The line containing "#124=CIRCLE('',#123,10.);" marks where copying starts, so set down that line and each one after it exactly, through the end of the records.

(Stored dataset items)
+---+
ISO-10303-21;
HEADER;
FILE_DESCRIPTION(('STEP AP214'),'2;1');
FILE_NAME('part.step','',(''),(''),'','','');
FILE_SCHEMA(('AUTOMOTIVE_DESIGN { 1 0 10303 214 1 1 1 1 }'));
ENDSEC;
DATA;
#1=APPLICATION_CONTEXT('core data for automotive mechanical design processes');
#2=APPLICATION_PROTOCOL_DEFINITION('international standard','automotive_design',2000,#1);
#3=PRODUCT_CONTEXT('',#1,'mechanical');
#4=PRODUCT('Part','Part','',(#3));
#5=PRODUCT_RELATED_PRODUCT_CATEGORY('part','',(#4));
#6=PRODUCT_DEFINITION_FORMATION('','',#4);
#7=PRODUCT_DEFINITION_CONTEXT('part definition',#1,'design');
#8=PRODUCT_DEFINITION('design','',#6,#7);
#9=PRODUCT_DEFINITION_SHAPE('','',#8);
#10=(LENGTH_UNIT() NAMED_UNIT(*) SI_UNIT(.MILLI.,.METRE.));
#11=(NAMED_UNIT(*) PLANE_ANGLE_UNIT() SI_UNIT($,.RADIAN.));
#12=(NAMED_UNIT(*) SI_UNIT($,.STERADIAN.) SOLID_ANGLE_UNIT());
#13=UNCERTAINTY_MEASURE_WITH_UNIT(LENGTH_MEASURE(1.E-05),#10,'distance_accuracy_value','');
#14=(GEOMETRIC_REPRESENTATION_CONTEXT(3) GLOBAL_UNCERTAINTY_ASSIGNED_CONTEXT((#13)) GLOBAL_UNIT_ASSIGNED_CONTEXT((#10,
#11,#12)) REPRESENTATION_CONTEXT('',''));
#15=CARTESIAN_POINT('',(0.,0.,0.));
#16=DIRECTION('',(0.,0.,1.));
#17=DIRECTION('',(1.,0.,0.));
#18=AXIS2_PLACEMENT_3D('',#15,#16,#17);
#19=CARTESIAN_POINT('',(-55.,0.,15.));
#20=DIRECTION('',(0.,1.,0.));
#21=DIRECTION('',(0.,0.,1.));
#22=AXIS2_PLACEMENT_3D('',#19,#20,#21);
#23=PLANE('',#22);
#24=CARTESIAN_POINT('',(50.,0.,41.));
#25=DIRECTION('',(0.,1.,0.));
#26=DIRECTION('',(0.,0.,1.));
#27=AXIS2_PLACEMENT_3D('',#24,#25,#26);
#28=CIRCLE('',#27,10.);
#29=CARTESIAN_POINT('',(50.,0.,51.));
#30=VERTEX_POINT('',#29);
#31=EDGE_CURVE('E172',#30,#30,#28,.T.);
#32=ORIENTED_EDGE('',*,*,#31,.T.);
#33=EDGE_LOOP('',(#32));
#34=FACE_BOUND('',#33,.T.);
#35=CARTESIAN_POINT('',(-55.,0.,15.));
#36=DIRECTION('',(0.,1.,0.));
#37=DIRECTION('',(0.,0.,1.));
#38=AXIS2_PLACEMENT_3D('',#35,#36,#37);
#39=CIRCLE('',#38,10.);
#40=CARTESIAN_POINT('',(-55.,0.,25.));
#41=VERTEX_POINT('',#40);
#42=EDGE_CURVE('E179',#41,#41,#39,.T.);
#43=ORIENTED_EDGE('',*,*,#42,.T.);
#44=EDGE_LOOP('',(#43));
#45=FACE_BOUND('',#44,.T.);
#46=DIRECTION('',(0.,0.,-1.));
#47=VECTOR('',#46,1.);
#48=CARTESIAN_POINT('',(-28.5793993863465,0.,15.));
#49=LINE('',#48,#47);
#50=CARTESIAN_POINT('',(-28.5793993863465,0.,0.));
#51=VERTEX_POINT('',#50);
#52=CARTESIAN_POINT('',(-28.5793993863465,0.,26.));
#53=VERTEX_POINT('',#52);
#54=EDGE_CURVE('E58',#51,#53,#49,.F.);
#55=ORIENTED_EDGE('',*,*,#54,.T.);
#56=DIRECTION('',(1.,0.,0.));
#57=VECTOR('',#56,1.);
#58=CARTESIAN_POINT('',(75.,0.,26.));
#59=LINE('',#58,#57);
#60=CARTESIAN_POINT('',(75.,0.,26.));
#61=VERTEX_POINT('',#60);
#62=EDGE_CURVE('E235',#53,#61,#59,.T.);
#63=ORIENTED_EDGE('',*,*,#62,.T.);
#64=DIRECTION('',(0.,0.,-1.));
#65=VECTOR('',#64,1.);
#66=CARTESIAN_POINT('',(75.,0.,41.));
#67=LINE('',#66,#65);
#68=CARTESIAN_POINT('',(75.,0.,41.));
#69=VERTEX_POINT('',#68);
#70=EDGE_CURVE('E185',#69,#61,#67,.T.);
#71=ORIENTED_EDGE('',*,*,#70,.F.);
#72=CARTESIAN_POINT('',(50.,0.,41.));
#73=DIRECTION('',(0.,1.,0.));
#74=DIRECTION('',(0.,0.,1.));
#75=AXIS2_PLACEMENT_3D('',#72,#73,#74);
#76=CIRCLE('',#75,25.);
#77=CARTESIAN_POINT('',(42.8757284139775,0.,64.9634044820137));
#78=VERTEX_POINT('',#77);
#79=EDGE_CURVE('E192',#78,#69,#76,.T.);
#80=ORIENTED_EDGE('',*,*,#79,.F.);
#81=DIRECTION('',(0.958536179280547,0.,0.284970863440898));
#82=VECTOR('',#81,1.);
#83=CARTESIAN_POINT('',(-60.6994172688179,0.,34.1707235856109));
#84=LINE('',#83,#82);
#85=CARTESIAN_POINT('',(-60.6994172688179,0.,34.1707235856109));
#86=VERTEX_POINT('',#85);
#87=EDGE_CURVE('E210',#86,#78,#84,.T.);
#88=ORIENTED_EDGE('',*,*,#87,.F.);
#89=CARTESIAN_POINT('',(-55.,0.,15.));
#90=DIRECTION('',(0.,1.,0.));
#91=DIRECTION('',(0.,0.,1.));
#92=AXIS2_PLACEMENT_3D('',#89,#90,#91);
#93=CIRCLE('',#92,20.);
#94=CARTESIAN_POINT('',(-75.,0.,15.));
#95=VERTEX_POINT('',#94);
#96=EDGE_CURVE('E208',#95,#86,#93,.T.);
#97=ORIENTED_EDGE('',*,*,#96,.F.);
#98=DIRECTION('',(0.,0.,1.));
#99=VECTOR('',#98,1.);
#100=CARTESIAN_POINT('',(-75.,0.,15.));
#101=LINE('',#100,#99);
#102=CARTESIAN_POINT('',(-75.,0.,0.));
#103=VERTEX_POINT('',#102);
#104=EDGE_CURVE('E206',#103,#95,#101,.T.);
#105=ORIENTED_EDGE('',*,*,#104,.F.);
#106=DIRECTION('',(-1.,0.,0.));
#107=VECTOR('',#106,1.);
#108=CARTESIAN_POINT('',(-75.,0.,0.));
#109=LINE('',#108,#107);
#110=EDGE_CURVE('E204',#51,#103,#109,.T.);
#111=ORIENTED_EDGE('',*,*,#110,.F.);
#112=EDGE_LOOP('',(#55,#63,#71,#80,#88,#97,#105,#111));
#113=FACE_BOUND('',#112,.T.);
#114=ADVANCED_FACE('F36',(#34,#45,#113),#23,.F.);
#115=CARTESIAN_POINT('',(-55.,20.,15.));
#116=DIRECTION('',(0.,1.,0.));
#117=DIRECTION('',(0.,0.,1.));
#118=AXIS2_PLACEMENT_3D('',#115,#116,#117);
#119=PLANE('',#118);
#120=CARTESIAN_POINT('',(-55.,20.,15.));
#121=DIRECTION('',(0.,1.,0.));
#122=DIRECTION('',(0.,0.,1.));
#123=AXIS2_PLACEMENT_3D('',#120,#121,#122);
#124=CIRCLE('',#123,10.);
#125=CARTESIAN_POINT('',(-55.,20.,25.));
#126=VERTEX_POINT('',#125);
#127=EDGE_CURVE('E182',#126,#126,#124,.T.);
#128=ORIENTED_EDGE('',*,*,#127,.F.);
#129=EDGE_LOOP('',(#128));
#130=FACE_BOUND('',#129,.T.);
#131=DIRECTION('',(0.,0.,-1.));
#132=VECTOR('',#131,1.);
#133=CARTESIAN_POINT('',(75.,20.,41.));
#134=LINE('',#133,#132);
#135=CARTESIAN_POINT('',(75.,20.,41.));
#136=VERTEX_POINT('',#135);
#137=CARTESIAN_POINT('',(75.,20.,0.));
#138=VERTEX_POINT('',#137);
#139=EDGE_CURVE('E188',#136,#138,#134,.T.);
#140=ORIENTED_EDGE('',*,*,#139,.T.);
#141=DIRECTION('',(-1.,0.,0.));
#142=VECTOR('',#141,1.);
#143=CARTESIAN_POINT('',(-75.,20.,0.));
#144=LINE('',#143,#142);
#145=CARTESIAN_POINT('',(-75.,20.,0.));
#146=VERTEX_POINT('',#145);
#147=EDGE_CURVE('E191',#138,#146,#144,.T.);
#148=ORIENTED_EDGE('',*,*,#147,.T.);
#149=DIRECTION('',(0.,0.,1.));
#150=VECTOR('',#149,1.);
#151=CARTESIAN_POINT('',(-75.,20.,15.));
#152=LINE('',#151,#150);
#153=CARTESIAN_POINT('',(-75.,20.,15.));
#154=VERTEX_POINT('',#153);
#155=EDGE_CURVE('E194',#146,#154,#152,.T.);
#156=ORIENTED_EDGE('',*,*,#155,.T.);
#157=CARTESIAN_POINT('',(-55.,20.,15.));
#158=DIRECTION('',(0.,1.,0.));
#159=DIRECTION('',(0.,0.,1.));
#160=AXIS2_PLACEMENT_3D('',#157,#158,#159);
+---+
*Answer below:*
#124=CIRCLE('',#123,10.);
#125=CARTESIAN_POINT('',(-55.,20.,25.));
#126=VERTEX_POINT('',#125);
#127=EDGE_CURVE('E182',#126,#126,#124,.T.);
#128=ORIENTED_EDGE('',*,*,#127,.F.);
#129=EDGE_LOOP('',(#128));
#130=FACE_BOUND('',#129,.T.);
#131=DIRECTION('',(0.,0.,-1.));
#132=VECTOR('',#131,1.);
#133=CARTESIAN_POINT('',(75.,20.,41.));
#134=LINE('',#133,#132);
#135=CARTESIAN_POINT('',(75.,20.,41.));
#136=VERTEX_POINT('',#135);
#137=CARTESIAN_POINT('',(75.,20.,0.));
#138=VERTEX_POINT('',#137);
#139=EDGE_CURVE('E188',#136,#138,#134,.T.);
#140=ORIENTED_EDGE('',*,*,#139,.T.);
#141=DIRECTION('',(-1.,0.,0.));
#142=VECTOR('',#141,1.);
#143=CARTESIAN_POINT('',(-75.,20.,0.));
#144=LINE('',#143,#142);
#145=CARTESIAN_POINT('',(-75.,20.,0.));
#146=VERTEX_POINT('',#145);
#147=EDGE_CURVE('E191',#138,#146,#144,.T.);
#148=ORIENTED_EDGE('',*,*,#147,.T.);
#149=DIRECTION('',(0.,0.,1.));
#150=VECTOR('',#149,1.);
#151=CARTESIAN_POINT('',(-75.,20.,15.));
#152=LINE('',#151,#150);
#153=CARTESIAN_POINT('',(-75.,20.,15.));
#154=VERTEX_POINT('',#153);
#155=EDGE_CURVE('E194',#146,#154,#152,.T.);
#156=ORIENTED_EDGE('',*,*,#155,.T.);
#157=CARTESIAN_POINT('',(-55.,20.,15.));
#158=DIRECTION('',(0.,1.,0.));
#159=DIRECTION('',(0.,0.,1.));
#160=AXIS2_PLACEMENT_3D('',#157,#158,#159);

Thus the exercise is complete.